A single mast radiator is an omnidirectional antenna which radiates equal radio wave power in all horizontal directions. Mast radiators radiate vertically polarized radio waves, with most of the power emitted at low elevation angles. In the medium frequency (MF) and low frequency (LF) bands AM radio stations cover their listening area using ground waves, vertically polarized radio waves which travel close to the ground surface, following the contour of the terrain. Mast radiators make good ground wave antennas, and are the main type of transmitting antennas used by AM radio stations, as well as other radio services in the MF and LF bands. They also can radiate enough power at higher elevation angles for skywave (skip) radio transmission.

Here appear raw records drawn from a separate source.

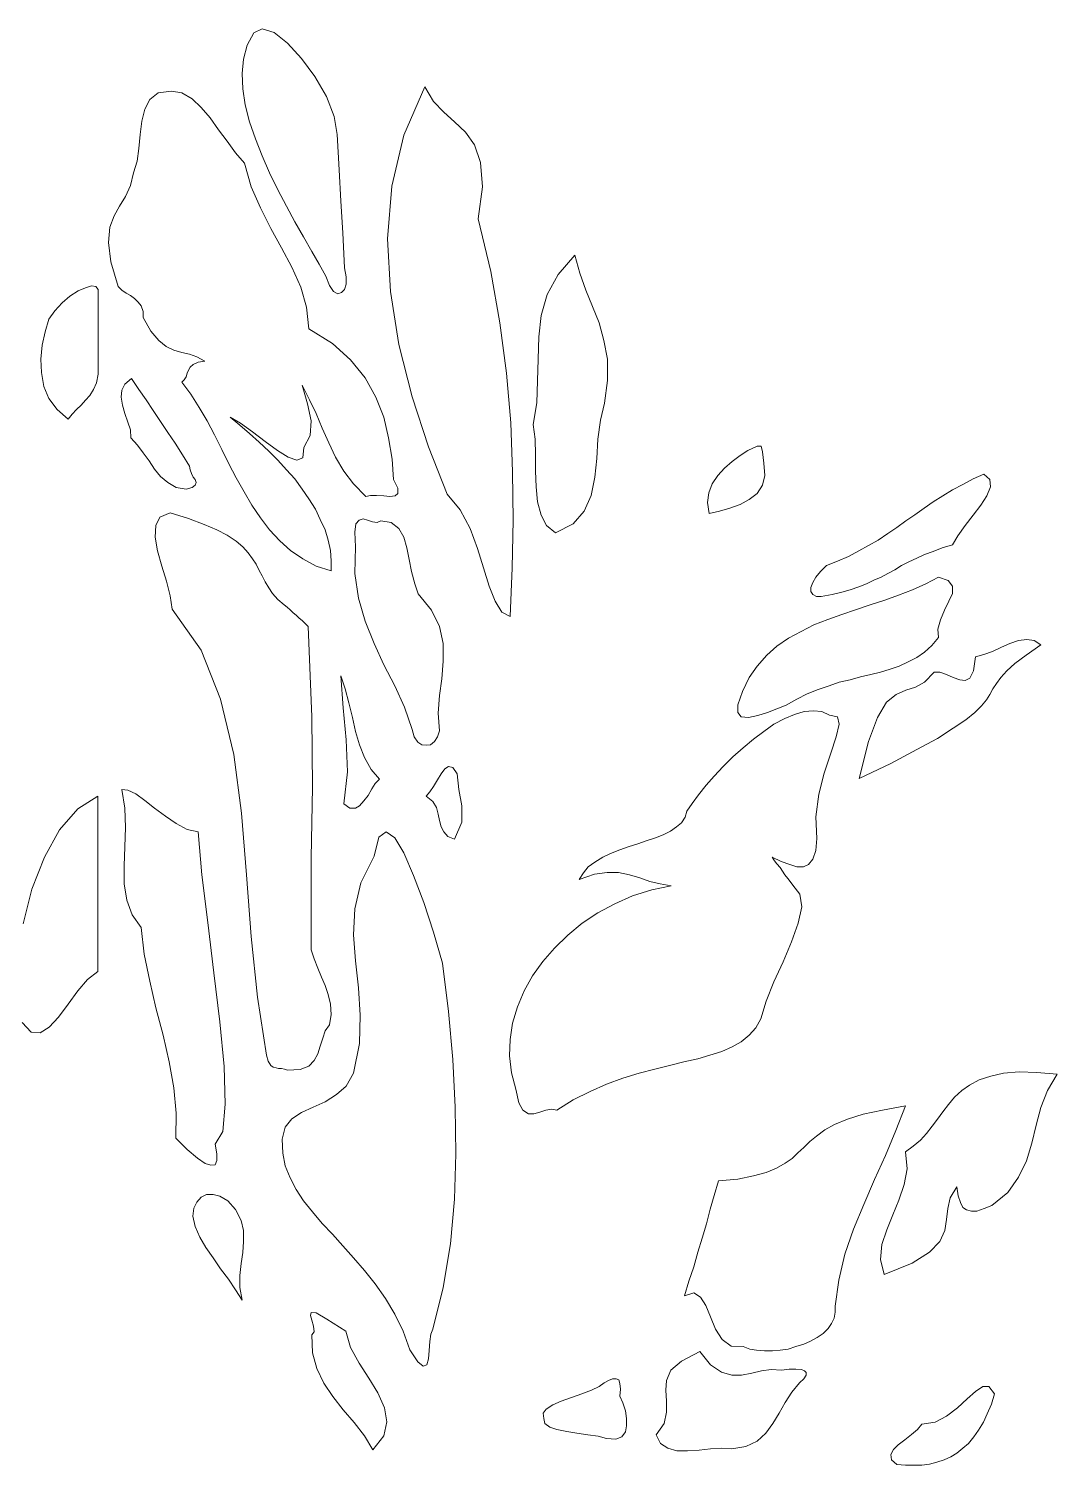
# Model space of a CAD drawing. Header units: millimetres. Extents: x 87938 to 265635, y 330093 to 434310.
# Drawn here: x 224487 to 226650, y 353867 to 356885 of the extents above; entities that cross this region are included whole.
import ezdxf

# ---------------------------------------------------------------- set-up
doc = ezdxf.new("R2010")
doc.units = ezdxf.units.MM

# ---------------------------------------------------------------- blocks, each defined once
blk = doc.blocks.new('A$C5F7565A8')
at = {"lineweight": 0}
for p, q in [((4626.9, 7891.8), (4640.9, 7917.2)), ((4640.9, 7917.2), (4658.7, 7926.2)), ((4658.7, 7926.2), (4684.1, 7918.5)), ((4684.1, 7918.5), (4712.1, 7895.6)), ((4619.3, 7862.5), (4626.9, 7891.8)), ((4712.1, 7895.6), (4741.4, 7863.8)), ((4616.7, 7832), (4619.3, 7862.5)), ((4741.4, 7863.8), (4769.4, 7825.7)), ((4618, 7800.2), (4616.7, 7832)), ((4769.4, 7825.7), (4793.5, 7783.7)), ((4422.2, 7777.4), (4440, 7791.3)), ((4440, 7791.3), (4467.9, 7795.1)), ((4467.9, 7795.1), (4489.5, 7791.3)), ((4489.5, 7791.3), (4511.2, 7778.6)), ((4623.1, 7765.9), (4618, 7800.2)), ((5000.8, 7804), (4956.3, 7702.3)), ((5018.6, 7773.5), (5000.8, 7804)), ((4412, 7757), (4422.2, 7777.4)), ((4511.2, 7778.6), (4530.3, 7760.8)), ((4530.3, 7760.8), (4549.4, 7739.2)), ((4632, 7730.3), (4623.1, 7765.9)), ((4793.5, 7783.7), (4810.1, 7741.7)), ((5040.2, 7750.6), (5018.6, 7773.5)), ((4401.8, 7703.6), (4405.6, 7731.6)), ((4405.6, 7731.6), (4412, 7757)), ((4549.4, 7739.2), (4567.1, 7713.8)), ((4644.7, 7694.7), (4632, 7730.3)), ((4810.1, 7741.7), (4816.4, 7703.6)), ((5063.1, 7730.3), (5040.2, 7750.6)), ((5086, 7708.6), (5063.1, 7730.3)), ((4399.3, 7674.3), (4401.8, 7703.6)), ((4567.1, 7713.8), (4584.9, 7689.6)), ((4816.4, 7703.6), (4820.2, 7629.8)), ((4956.3, 7702.3), (4930.9, 7595.5)), ((5105.1, 7682), (5086, 7708.6)), ((4395.5, 7647.6), (4399.3, 7674.3)), ((4584.9, 7689.6), (4602.8, 7665.4)), ((4658.7, 7659.1), (4644.7, 7694.7)), ((5117.8, 7645.1), (5105.1, 7682)), ((4387.9, 7623.5), (4395.5, 7647.6)), ((4602.8, 7665.4), (4621.8, 7643.8)), ((4621.8, 7643.8), (4635.8, 7594.2)), ((4674, 7623.5), (4658.7, 7659.1)), ((5121.6, 7594.2), (5117.8, 7645.1)), ((4381.5, 7596.7), (4387.9, 7623.5)), ((4691.8, 7587.8), (4674, 7623.5)), ((4820.2, 7629.8), (4824, 7563.7)), ((4371.3, 7573.9), (4381.5, 7596.7)), ((4635.8, 7594.2), (4654.9, 7549.7)), ((4709.6, 7553.5), (4691.8, 7587.8)), ((4930.9, 7595.5), (4922, 7484.8)), ((5112.7, 7526.8), (5121.6, 7594.2)), ((4347.2, 7533.2), (4358.6, 7553.5)), ((4358.6, 7553.5), (4371.3, 7573.9)), ((4654.9, 7549.7), (4676.5, 7506.5)), ((4727.4, 7520.5), (4709.6, 7553.5)), ((4824, 7563.7), (4827.9, 7497.5)), ((4338.3, 7509), (4347.2, 7533.2)), ((4745.2, 7488.6), (4727.4, 7520.5)), ((5139.4, 7416.2), (5112.7, 7526.8)), ((4335.7, 7477.2), (4338.3, 7509)), ((4676.5, 7506.5), (4699.4, 7465.8)), ((4763, 7458.2), (4745.2, 7488.6)), ((4827.9, 7497.5), (4831.7, 7423.8)), ((4340.8, 7436.5), (4335.7, 7477.2)), ((4699.4, 7465.8), (4721, 7425.1)), ((4778.3, 7431.4), (4763, 7458.2)), ((4922, 7484.8), (4928.3, 7374.2)), ((4356, 7384.4), (4340.8, 7436.5)), ((4792.2, 7406), (4778.3, 7431.4)), ((5316.2, 7450.5), (5280.6, 7409.8)), ((5326.3, 7412.4), (5316.2, 7450.5)), ((4721, 7425.1), (4740.1, 7383.1)), ((4799.9, 7386.9), (4792.2, 7406)), ((4831.7, 7423.8), (4835.5, 7404.7)), ((4835.5, 7404.7), (4835.5, 7389.5)), ((5158.5, 7308.1), (5139.4, 7416.2)), ((5280.6, 7409.8), (5257.7, 7367.9)), ((5339.1, 7376.7), (5326.3, 7412.4)), ((4254.3, 7364), (4272.1, 7375.5)), ((4272.1, 7375.5), (4287.4, 7381.8)), ((4287.4, 7381.8), (4300.1, 7385.6)), ((4300.1, 7385.6), (4309, 7384.4)), ((4309, 7384.4), (4314.1, 7378)), ((4314.1, 7378), (4314.1, 7200)), ((4363.7, 7376.7), (4356, 7384.4)), ((4372.6, 7370.4), (4363.7, 7376.7)), ((4381.5, 7365.3), (4372.6, 7370.4)), ((4740.1, 7383.1), (4751.5, 7341.1)), ((4808.8, 7374.2), (4799.9, 7386.9)), ((4817.7, 7369.1), (4808.8, 7374.2)), ((4825.3, 7371.7), (4817.7, 7369.1)), ((4831.7, 7378), (4825.3, 7371.7)), ((4835.5, 7389.5), (4831.7, 7378)), ((4928.3, 7374.2), (4946.1, 7262.3)), ((5257.7, 7367.9), (5245, 7323.3)), ((5353.1, 7342.4), (5339.1, 7376.7)), ((4222.5, 7333.5), (4237.8, 7350.1)), ((4237.8, 7350.1), (4254.3, 7364)), ((4390.4, 7359), (4381.5, 7365.3)), ((4398, 7351.3), (4390.4, 7359)), ((4404.4, 7343.7), (4398, 7351.3)), ((4408.2, 7332.2), (4404.4, 7343.7)), ((4751.5, 7341.1), (4756.7, 7295.4)), ((5367, 7308.1), (5353.1, 7342.4)), ((4202.2, 7289), (4209.8, 7315.7)), ((4209.8, 7315.7), (4222.5, 7333.5)), ((4408.2, 7319.5), (4408.2, 7332.2)), ((4424.7, 7290.3), (4408.2, 7319.5)), ((5172.5, 7202.5), (5158.5, 7308.1)), ((5245, 7323.3), (5239.9, 7278.8)), ((5377.2, 7271.2), (5367, 7308.1)), ((4195.8, 7261), (4202.2, 7289)), ((4441.3, 7271.2), (4424.7, 7290.3)), ((4756.7, 7295.4), (4806.3, 7264.8)), ((5239.9, 7278.8), (5238.6, 7231.8)), ((4193.3, 7231.8), (4195.8, 7261)), ((4456.5, 7258.5), (4441.3, 7271.2)), ((4473, 7250.9), (4456.5, 7258.5)), ((4489.5, 7245.8), (4473, 7250.9)), ((4506.1, 7242), (4489.5, 7245.8)), ((4806.3, 7264.8), (4844.4, 7230.5)), ((4946.1, 7262.3), (4974.1, 7152.9)), ((5384.9, 7231.8), (5377.2, 7271.2)), ((4194.5, 7203.8), (4193.3, 7231.8)), ((4503.6, 7208.9), (4507.4, 7215.2)), ((4521.4, 7236.9), (4506.1, 7242)), ((4507.4, 7215.2), (4513.7, 7220.3)), ((4513.7, 7220.3), (4523.9, 7225.4)), ((4537.9, 7227.9), (4521.4, 7236.9)), ((4523.9, 7225.4), (4537.9, 7227.9)), ((4844.4, 7230.5), (4874.9, 7192.4)), ((5238.6, 7231.8), (5237.4, 7186)), ((5384.9, 7187.3), (5384.9, 7231.8)), ((4199.6, 7174.5), (4194.5, 7203.8)), ((4314.1, 7200), (4310.3, 7182.2)), ((4370, 7179.6), (4384, 7191.1)), ((4384, 7191.1), (4399.3, 7168.2)), ((4489.5, 7183.4), (4494.7, 7188.6)), ((4494.7, 7188.6), (4498.5, 7194.9)), ((4498.5, 7194.9), (4501, 7202.5)), ((4501, 7202.5), (4503.6, 7208.9)), ((4874.9, 7192.4), (4897.8, 7151.7)), ((5181.4, 7098.3), (5172.5, 7202.5)), ((5237.4, 7186), (5236.1, 7140.2)), ((5378.5, 7139), (5384.9, 7187.3)), ((4209.8, 7149.1), (4199.6, 7174.5)), ((4296.3, 7155.5), (4287.4, 7145.3)), ((4303.9, 7168.2), (4296.3, 7155.5)), ((4310.3, 7182.2), (4303.9, 7168.2)), ((4362.4, 7151.7), (4363.7, 7166.9)), ((4363.7, 7166.9), (4370, 7179.6)), ((4399.3, 7168.2), (4414.5, 7146.6)), ((4508.7, 7158), (4489.5, 7183.4)), ((4526.4, 7130), (4508.7, 7158)), ((4742.6, 7177.1), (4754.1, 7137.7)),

Most radio stations use single masts. Multiple masts fed with radio current at different phases can be used to construct directional antennas, which radiate more power in specific directions than others.

=== Feed system ===
The transmitter which generates the radio frequency current is often located in a building a short distance away from the mast, so its sensitive electronics and operating personnel will not be exposed to the strong radio waves at the base of the mast. Alternatively it is sometimes located at the base of the mast, with the transmitter room surrounded by a Faraday shield of copper screen to keep radio waves out. The current from the transmitter is delivered to the mast through a feedline, a specialized cable (transmission line) for carrying radio frequency current. At LF and MF frequencies foam insulated coaxial cable is usually used. The feedline is connected to an antenna tuning unit (impedance matching network) at the base of the mast, to match the transmission line to the mast. This may be located in a waterproof box or a small shed called an antenna tuning hut (helix house) next to the mast. The antenna tuning circuit matches the characteristic impedance of the feedline to the impedance of the antenna (given by the graph below), and includes a reactance, usually a loading coil, to tune out the reactance of the antenna, to make it resonant at the operating frequency. Without the antenna tuner the impedance mismatch between the antenna and feedline would cause a condition called standing waves (high SWR), in which some of the radio power is reflected back down the feedline toward the transmitter, resulting in inefficiency and possibly overheating the transmitter. From the antenna tuner a short feedline is bolted or brazed to the mast.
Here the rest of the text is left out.